A fully cylindrical tappet (34) is accommodated in the first section of the cylinder opening (26) of the valve insert (22), which has a smaller inner diameter, and is guided for axial displacement against the force of an elastic return element (36) in the form of a spiral spring. A first tappet end is designed as a flat end face, with which this tappet (34) protrudes by a working gap A from the cylinder opening (26) of the valve insert (22). An armature (38) of the solenoid valve (10) rests on the end face of the tappet (34). The armature is accommodated for axial displacement inside a hollow valve capsule (40). This valve capsule (40) has a dome shape and is fastened by its open end to the outer circumference of the valve insert (22). A circumferential welded joint is preferably provided as the connection between the valve capsule (40) and the valve insert (22).

The end of the plunger (34) opposite the flat end face is designed as a pin-shaped, conically tapered closing member (42) which is formed at its free end, for example, as a spherical segment.

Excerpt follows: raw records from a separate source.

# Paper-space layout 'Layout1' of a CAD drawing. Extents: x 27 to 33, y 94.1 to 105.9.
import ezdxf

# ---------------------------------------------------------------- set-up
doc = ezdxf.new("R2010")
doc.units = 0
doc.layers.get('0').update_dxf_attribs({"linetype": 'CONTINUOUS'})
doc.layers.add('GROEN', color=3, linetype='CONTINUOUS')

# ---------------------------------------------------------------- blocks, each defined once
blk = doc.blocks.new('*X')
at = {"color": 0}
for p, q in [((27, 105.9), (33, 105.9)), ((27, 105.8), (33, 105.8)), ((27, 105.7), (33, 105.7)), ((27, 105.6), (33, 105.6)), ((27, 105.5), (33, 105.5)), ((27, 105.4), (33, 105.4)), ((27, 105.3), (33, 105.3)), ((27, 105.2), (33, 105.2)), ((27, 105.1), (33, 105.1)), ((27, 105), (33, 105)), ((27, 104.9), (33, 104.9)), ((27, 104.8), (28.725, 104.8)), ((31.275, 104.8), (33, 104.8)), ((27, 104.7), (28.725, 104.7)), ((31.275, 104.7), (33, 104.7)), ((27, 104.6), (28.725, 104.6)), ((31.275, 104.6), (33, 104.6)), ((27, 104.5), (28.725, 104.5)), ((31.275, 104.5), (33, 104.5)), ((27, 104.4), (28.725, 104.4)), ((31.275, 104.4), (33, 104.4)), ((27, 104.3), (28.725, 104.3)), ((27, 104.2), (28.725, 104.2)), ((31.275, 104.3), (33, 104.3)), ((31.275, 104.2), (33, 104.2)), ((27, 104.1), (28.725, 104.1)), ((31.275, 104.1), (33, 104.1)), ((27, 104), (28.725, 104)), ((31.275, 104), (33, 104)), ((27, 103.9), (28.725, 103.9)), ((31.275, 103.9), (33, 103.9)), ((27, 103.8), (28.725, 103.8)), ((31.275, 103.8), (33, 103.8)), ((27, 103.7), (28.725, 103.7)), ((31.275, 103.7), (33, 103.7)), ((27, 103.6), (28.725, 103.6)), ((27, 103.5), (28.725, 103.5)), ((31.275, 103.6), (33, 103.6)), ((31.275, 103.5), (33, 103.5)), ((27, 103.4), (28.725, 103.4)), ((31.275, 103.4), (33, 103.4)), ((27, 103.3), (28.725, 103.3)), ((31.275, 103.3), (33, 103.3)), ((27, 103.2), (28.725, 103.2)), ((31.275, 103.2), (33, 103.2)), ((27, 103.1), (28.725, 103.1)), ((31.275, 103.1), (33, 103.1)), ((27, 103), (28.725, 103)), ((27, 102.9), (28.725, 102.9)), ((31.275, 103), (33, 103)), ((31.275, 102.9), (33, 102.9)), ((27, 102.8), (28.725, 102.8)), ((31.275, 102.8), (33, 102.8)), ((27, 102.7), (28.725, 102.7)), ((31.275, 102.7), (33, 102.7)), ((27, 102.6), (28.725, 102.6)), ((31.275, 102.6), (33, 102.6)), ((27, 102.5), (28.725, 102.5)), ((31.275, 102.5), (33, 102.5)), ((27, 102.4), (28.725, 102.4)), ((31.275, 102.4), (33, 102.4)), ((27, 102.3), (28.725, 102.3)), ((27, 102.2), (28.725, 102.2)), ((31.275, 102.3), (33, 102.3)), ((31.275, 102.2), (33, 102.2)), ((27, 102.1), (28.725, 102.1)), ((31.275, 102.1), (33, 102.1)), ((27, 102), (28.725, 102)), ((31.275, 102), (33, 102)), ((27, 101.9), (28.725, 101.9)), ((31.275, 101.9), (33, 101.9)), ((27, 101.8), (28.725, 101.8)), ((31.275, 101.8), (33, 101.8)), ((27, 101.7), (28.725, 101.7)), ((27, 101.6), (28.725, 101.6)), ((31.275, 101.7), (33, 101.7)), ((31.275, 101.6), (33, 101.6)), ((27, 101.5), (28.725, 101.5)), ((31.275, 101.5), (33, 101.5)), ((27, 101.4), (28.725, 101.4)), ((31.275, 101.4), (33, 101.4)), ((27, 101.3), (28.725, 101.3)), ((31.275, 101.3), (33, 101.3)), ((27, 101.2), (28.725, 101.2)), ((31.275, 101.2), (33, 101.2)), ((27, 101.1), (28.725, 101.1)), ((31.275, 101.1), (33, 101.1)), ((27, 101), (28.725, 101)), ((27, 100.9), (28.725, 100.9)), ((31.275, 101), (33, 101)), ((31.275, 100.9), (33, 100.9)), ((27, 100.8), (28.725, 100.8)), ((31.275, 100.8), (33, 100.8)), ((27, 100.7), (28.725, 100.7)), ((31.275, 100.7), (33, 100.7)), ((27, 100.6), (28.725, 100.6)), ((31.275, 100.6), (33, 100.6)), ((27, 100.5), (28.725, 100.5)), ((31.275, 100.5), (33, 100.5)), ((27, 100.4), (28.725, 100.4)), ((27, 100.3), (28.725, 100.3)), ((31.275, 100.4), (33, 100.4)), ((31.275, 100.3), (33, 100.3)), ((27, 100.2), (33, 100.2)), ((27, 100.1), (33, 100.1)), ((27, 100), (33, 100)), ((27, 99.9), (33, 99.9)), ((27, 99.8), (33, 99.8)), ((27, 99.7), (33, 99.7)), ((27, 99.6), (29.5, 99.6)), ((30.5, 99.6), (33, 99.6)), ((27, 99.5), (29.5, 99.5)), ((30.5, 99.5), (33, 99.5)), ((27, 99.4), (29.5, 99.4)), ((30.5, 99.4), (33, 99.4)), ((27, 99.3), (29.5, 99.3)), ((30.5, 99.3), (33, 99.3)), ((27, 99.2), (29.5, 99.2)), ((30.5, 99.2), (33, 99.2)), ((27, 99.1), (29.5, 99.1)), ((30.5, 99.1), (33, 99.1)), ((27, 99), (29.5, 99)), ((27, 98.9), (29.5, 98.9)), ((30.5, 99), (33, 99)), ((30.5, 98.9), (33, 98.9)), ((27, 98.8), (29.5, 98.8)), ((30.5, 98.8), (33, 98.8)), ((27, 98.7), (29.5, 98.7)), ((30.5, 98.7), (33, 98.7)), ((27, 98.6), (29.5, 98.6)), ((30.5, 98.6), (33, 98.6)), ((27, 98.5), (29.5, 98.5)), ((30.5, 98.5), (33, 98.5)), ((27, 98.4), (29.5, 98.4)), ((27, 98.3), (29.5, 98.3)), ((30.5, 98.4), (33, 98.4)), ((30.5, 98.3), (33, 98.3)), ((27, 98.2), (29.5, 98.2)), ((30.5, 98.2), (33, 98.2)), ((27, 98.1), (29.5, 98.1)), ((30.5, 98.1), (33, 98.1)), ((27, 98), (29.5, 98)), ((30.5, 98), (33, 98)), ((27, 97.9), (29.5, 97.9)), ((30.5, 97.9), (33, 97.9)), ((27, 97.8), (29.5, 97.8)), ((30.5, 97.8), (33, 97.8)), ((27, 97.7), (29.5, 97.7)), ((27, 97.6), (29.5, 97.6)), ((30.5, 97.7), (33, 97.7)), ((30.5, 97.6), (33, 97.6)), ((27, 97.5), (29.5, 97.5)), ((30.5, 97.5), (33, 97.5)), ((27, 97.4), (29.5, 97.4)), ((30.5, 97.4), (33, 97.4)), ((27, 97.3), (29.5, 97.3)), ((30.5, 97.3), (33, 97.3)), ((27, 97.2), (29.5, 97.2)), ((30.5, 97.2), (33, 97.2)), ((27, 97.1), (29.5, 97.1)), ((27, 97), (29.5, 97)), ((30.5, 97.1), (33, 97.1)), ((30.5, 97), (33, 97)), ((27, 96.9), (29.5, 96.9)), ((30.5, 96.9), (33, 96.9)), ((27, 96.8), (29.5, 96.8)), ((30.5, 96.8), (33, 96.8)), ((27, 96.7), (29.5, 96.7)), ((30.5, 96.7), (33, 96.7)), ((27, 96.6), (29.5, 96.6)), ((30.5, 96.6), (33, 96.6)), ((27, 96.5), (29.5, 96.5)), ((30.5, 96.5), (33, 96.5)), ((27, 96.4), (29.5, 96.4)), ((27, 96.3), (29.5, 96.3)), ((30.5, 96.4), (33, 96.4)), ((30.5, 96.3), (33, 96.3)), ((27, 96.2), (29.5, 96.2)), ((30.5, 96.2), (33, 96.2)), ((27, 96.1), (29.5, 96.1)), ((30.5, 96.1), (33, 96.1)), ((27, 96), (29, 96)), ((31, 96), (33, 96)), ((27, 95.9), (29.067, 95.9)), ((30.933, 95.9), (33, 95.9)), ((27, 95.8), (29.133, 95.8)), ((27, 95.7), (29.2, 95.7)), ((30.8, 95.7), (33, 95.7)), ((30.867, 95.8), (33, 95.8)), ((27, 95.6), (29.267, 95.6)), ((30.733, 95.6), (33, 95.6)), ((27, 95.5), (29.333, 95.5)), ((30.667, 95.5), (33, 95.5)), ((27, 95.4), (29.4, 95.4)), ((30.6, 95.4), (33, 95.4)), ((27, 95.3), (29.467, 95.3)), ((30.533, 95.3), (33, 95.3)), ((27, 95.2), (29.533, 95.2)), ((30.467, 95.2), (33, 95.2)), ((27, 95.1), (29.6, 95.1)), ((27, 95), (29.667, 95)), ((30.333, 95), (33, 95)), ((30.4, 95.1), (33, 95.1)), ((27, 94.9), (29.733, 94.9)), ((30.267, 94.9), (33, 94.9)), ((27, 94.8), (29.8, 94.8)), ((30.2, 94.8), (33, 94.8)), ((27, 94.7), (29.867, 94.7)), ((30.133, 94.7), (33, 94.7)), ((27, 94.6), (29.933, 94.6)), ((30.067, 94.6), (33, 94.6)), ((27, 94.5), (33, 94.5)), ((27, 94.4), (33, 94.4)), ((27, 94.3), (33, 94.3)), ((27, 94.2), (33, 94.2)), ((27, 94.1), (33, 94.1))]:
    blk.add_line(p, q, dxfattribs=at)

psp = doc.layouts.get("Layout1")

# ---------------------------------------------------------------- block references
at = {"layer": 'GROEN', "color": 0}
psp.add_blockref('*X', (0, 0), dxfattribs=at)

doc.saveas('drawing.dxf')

A transition from the closing member (42) to the plunger (34) forms a radially circumferential support surface for the elastic return element (36). An opposite end of this return element (36) bears against a valve body (44), which is pressed into the interior of the smaller-diameter first sleeve section (24a) of the support sleeve (24) in a pressure-tight manner.

This valve body (44) is hat-shaped and is divided into a cylindrical shaft (44a) and a base (44b), which closes the shaft (44a) at its end facing the return element (36). The base (44b) is formed into a valve seat (46) in the shape of an inner cone. formed, at the base of which a through-bore opens. Its cross-section forms the control cross-section (48) of the solenoid valve (10), which is controlled by the closing element (42) of the plunger (34).

In the illustrated, non-energized basic position of the solenoid valve (10), the closing member (42) is lifted from the valve seat (46) by the mechanical force of the return element (36), thus opening the control cross-section (48). If the solenoid coil (20) is energized, the mechanical force of the return element (36) is counteracted by a magnetic force of a magnetic circuit, so that the closing member (42) closes the control cross-section (48), thus interrupting a pressure medium connection between a first valve connection (50) and a second valve connection (52) of the solenoid valve (10).

The first valve connection (50) is arranged on the circumference of the solenoid valve (10) in the transition region between the end of the valve insert (22) and the projecting second sleeve section (24b) of the carrier sleeve (24).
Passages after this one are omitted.